EXERCISE BRIEF. Please make an exact transcription of the records, keeping the pictures out of it.

── ENTRIES SHOWN ──

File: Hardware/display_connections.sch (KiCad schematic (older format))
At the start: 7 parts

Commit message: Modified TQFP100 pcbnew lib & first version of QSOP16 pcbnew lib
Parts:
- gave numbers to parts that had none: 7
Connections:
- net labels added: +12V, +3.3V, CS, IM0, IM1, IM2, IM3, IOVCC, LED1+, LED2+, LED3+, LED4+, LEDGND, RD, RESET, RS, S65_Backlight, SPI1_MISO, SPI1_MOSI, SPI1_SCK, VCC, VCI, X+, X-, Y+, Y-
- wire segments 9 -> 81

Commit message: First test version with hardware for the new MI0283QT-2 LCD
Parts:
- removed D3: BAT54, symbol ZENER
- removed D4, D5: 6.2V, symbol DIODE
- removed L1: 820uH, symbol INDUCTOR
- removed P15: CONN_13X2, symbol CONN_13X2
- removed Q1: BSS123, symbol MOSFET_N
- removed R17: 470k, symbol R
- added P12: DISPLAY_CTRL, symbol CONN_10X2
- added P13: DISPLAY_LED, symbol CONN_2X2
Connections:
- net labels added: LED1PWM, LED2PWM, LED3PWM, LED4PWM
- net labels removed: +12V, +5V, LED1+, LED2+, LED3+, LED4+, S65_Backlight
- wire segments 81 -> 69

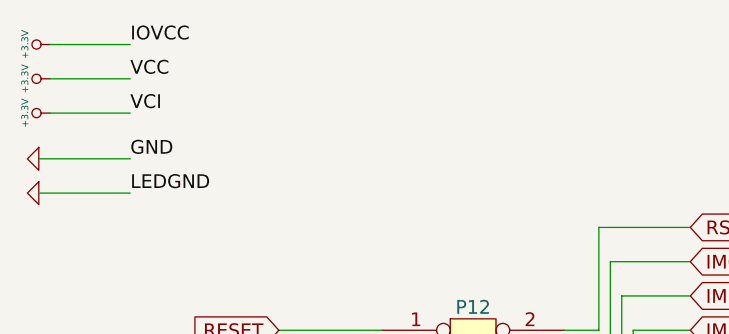
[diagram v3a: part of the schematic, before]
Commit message: updated display board, connection to mainboard updated
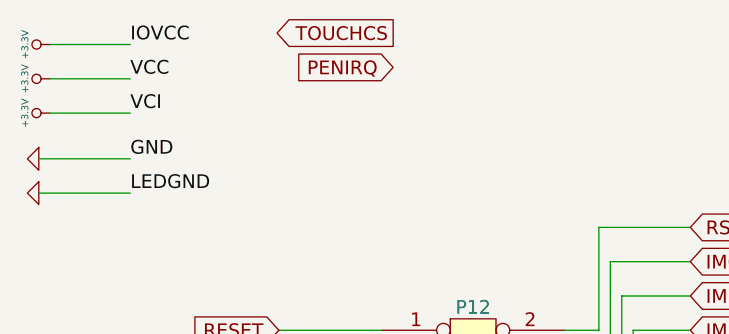
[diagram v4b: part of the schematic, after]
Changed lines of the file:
@@
-EESchema Schematic File Version 2  date Mi 01 Sep 2010 19:34:14 CEST
+EESchema Schematic File Version 2  date 14.09.2010 06:42:34
 LIBS:power
 LIBS:device
@@
 LIBS:STM32F10xVx
 LIBS:AD7843
+LIBS:LM75CIM
 LIBS:bordcomputer-cache
 EELAYER 24  0
@@
 Sheet 2 3
 Title ""
-Date "1 sep 2010"
+Date "14 sep 2010"
 Rev ""
 Comp ""
@@
 Comment4 ""
 $EndDescr
+Text GLabel 2400 2100 0    60   Output ~ 0
+TOUCHCS
+Text GLabel 2400 2250 0    60   Input ~ 0
+PENIRQ
 Wire Wire Line
 	1900 4550 2300 4550
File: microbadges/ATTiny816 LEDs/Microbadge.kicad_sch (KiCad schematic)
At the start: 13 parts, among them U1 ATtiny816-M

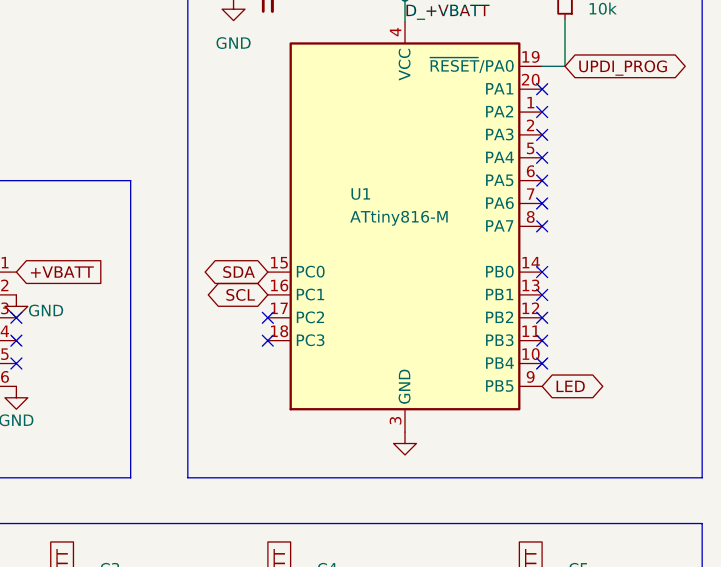
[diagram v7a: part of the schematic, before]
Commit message: Update I2C pins
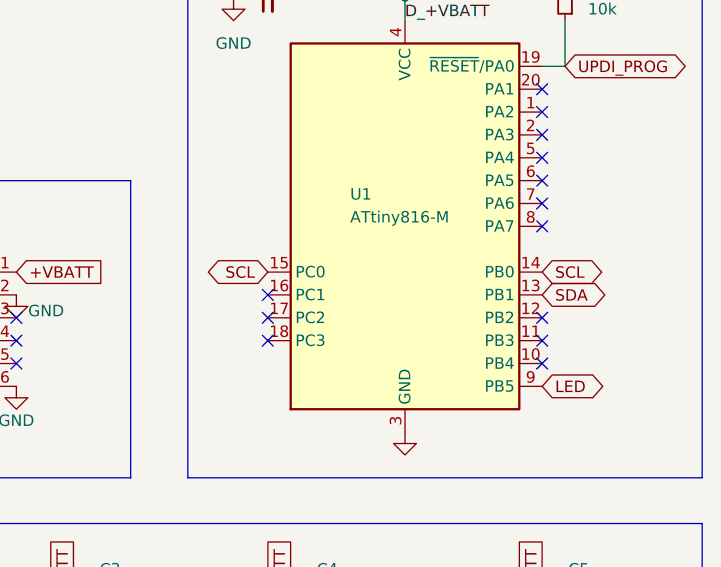
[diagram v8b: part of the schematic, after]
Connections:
- net SCL: now also U1.14 (PB0), U1.15 (PC0); no longer U1.16 (PC1)
- net SDA: now also U1.13 (PB1); no longer U1.15 (PC0)
- no-connect marks 19 -> 18
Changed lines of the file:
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@@
+	)
+	(no_connect
+		(at 152.4 82.55)
 	)
 	(no_connect
@@
 	)
 	(no_connect
-		(at 182.88 77.47)
+		(at 182.88 85.09)
+	)
+	(no_connect
+		(at 182.88 67.31)
+	)
+	(no_connect
+		(at 182.88 72.39)
+	)
+	(no_connect
+		(at 101.6 87.63)
+	)
+	(no_connect
+		(at 182.88 62.23)
+	)
+	(no_connect
+		(at 152.4 80.01)
 	)
 	(no_connect
 		(at 152.4 85.09)
-	)
-	(no_connect
-		(at 182.88 85.09)
-	)
-	(no_connect
-		(at 182.88 67.31)
-	)
-	(no_connect
-		(at 182.88 72.39)
-	)
-	(no_connect
-		(at 101.6 87.63)
-	)
-	(no_connect
-		(at 182.88 62.23)
-	)
-	(no_connect
-		(at 182.88 80.01)
-	)
-	(no_connect
-		(at 152.4 82.55)
 	)
 	(no_connect
@@
 		)
 	)
+	(global_label "SCL"
+		(shape bidirectional)
+		(at 152.4 77.47 180)
+		(fields_autoplaced yes)
+		(effects
+			(font
+				(size 1.27 1.27)
+			)
+			(justify right)
+		)
+		(property "Intersheetrefs" "${INTERSHEET_REFS}"
+			(at 144.7959 77.47 0)
+			(effects
+				(font
+					(size 1.27 1.27)
+				)
+				(justify right)
+				(hide yes)
+			)
+		)
+	)
 	(global_label "CLK"
 		(shape bidirectional)
@@
 	(global_label "SDA"
 		(shape bidirectional)
-		(at 152.4 77.47 180)
-		(fields_autoplaced yes)
-		(effects
-			(font
-				(size 1.27 1.27)
-			)
-			(justify right)
-		)
-		(property "Intersheetrefs" "${INTERSHEET_REFS}"
-			(at 144.7354 77.47 0)
-			(effects
-				(font
-					(size 1.27 1.27)
-				)
-				(justify right)
+		(at 182.88 80.01 0)
+		(fields_autoplaced yes)
+		(effects
+			(font
+				(size 1.27 1.27)
+			)
+			(justify left)
+		)
+		(property "Intersheetrefs" "${INTERSHEET_REFS}"
+			(at 190.4841 80.01 0)
+			(effects
+				(font
+					(size 1.27 1.27)
+				)
+				(justify left)
+				(hide yes)
+			)
+		)
+	)
+	(global_label "SCL"
+		(shape bidirectional)
+		(at 182.88 77.47 0)
+		(fields_autoplaced yes)
+		(effects
+			(font
+				(size 1.27 1.27)
+			)
+			(justify left)
+		)
+		(property "Intersheetrefs" "${INTERSHEET_REFS}"
+			(at 190.5446 77.47 0)
+			(effects
+				(font
+					(size 1.27 1.27)
+				)
+				(justify left)
 				(hide yes)
 			)
@@
 			(effects
 				(font
-					(size 1.27 1.27)
-				)
-				(justify right)
-				(hide yes)
-			)
-		)
-	)
-	(global_label "SCL"
-		(shape bidirectional)
-		(at 152.4 80.01 180)
-		(fields_autoplaced yes)
-		(effects
-			(font
-				(size 1.27 1.27)
-			)
-			(justify right)
-		)
-		(property "Intersheetrefs" "${INTERSHEET_REFS}"
-			(at 144.7959 80.01 0)
-			(effects
-				(font

───

PROBLEM SOLUTION.
File: Hardware/display_connections.sch (KiCad schematic (older format))
At the start: 7 parts

Commit message: Modified TQFP100 pcbnew lib & first version of QSOP16 pcbnew lib
Parts:
- gave numbers to parts that had none: 7
Connections:
- net labels added: +12V, +3.3V, CS, IM0, IM1, IM2, IM3, IOVCC, LED1+, LED2+, LED3+, LED4+, LEDGND, RD, RESET, RS, S65_Backlight, SPI1_MISO, SPI1_MOSI, SPI1_SCK, VCC, VCI, X+, X-, Y+, Y-
- wire segments 9 -> 81

Commit message: First test version with hardware for the new MI0283QT-2 LCD
Parts:
- removed D3: BAT54, symbol ZENER
- removed D4, D5: 6.2V, symbol DIODE
- removed L1: 820uH, symbol INDUCTOR
- removed P15: CONN_13X2, symbol CONN_13X2
- removed Q1: BSS123, symbol MOSFET_N
- removed R17: 470k, symbol R
- added P12: DISPLAY_CTRL, symbol CONN_10X2
- added P13: DISPLAY_LED, symbol CONN_2X2
Connections:
- net labels added: LED1PWM, LED2PWM, LED3PWM, LED4PWM
- net labels removed: +12V, +5V, LED1+, LED2+, LED3+, LED4+, S65_Backlight
- wire segments 81 -> 69

[diagram v3a: part of the schematic, before]
Commit message: updated display board, connection to mainboard updated
[diagram v4b: part of the schematic, after]
Changed lines of the file:
@@
-EESchema Schematic File Version 2  date Mi 01 Sep 2010 19:34:14 CEST
+EESchema Schematic File Version 2  date 14.09.2010 06:42:34
 LIBS:power
 LIBS:device
@@
 LIBS:STM32F10xVx
 LIBS:AD7843
+LIBS:LM75CIM
 LIBS:bordcomputer-cache
 EELAYER 24  0
@@
 Sheet 2 3
 Title ""
-Date "1 sep 2010"
+Date "14 sep 2010"
 Rev ""
 Comp ""
@@
 Comment4 ""
 $EndDescr
+Text GLabel 2400 2100 0    60   Output ~ 0
+TOUCHCS
+Text GLabel 2400 2250 0    60   Input ~ 0
+PENIRQ
 Wire Wire Line
 	1900 4550 2300 4550
File: microbadges/ATTiny816 LEDs/Microbadge.kicad_sch (KiCad schematic)
At the start: 13 parts, among them U1 ATtiny816-M

[diagram v7a: part of the schematic, before]
Commit message: Update I2C pins
[diagram v8b: part of the schematic, after]
Connections:
- net SCL: now also U1.14 (PB0), U1.15 (PC0); no longer U1.16 (PC1)
- net SDA: now also U1.13 (PB1); no longer U1.15 (PC0)
- no-connect marks 19 -> 18
Changed lines of the file:
@@
+	)
+	(no_connect
+		(at 152.4 82.55)
 	)
 	(no_connect
@@
 	)
 	(no_connect
-		(at 182.88 77.47)
+		(at 182.88 85.09)
+	)
+	(no_connect
+		(at 182.88 67.31)
+	)
+	(no_connect
+		(at 182.88 72.39)
+	)
+	(no_connect
+		(at 101.6 87.63)
+	)
+	(no_connect
+		(at 182.88 62.23)
+	)
+	(no_connect
+		(at 152.4 80.01)
 	)
 	(no_connect
 		(at 152.4 85.09)
-	)
-	(no_connect
-		(at 182.88 85.09)
-	)
-	(no_connect
-		(at 182.88 67.31)
-	)
-	(no_connect
-		(at 182.88 72.39)
-	)
-	(no_connect
-		(at 101.6 87.63)
-	)
-	(no_connect
-		(at 182.88 62.23)
-	)
-	(no_connect
-		(at 182.88 80.01)
-	)
-	(no_connect
-		(at 152.4 82.55)
 	)
 	(no_connect
@@
 		)
 	)
+	(global_label "SCL"
+		(shape bidirectional)
+		(at 152.4 77.47 180)
+		(fields_autoplaced yes)
+		(effects
+			(font
+				(size 1.27 1.27)
+			)
+			(justify right)
+		)
+		(property "Intersheetrefs" "${INTERSHEET_REFS}"
+			(at 144.7959 77.47 0)
+			(effects
+				(font
+					(size 1.27 1.27)
+				)
+				(justify right)
+				(hide yes)
+			)
+		)
+	)
 	(global_label "CLK"
 		(shape bidirectional)
@@
 	(global_label "SDA"
 		(shape bidirectional)
-		(at 152.4 77.47 180)
-		(fields_autoplaced yes)
-		(effects
-			(font
-				(size 1.27 1.27)
-			)
-			(justify right)
-		)
-		(property "Intersheetrefs" "${INTERSHEET_REFS}"
-			(at 144.7354 77.47 0)
-			(effects
-				(font
-					(size 1.27 1.27)
-				)
-				(justify right)
+		(at 182.88 80.01 0)
+		(fields_autoplaced yes)
+		(effects
+			(font
+				(size 1.27 1.27)
+			)
+			(justify left)
+		)
+		(property "Intersheetrefs" "${INTERSHEET_REFS}"
+			(at 190.4841 80.01 0)
+			(effects
+				(font
+					(size 1.27 1.27)
+				)
+				(justify left)
+				(hide yes)
+			)
+		)
+	)
+	(global_label "SCL"
+		(shape bidirectional)
+		(at 182.88 77.47 0)
+		(fields_autoplaced yes)
+		(effects
+			(font
+				(size 1.27 1.27)
+			)
+			(justify left)
+		)
+		(property "Intersheetrefs" "${INTERSHEET_REFS}"
+			(at 190.5446 77.47 0)
+			(effects
+				(font
+					(size 1.27 1.27)
+				)
+				(justify left)
 				(hide yes)
 			)
@@
 			(effects
 				(font
-					(size 1.27 1.27)
-				)
-				(justify right)
-				(hide yes)
-			)
-		)
-	)
-	(global_label "SCL"
-		(shape bidirectional)
-		(at 152.4 80.01 180)
-		(fields_autoplaced yes)
-		(effects
-			(font
-				(size 1.27 1.27)
-			)
-			(justify right)
-		)
-		(property "Intersheetrefs" "${INTERSHEET_REFS}"
-			(at 144.7959 80.01 0)
-			(effects
-				(font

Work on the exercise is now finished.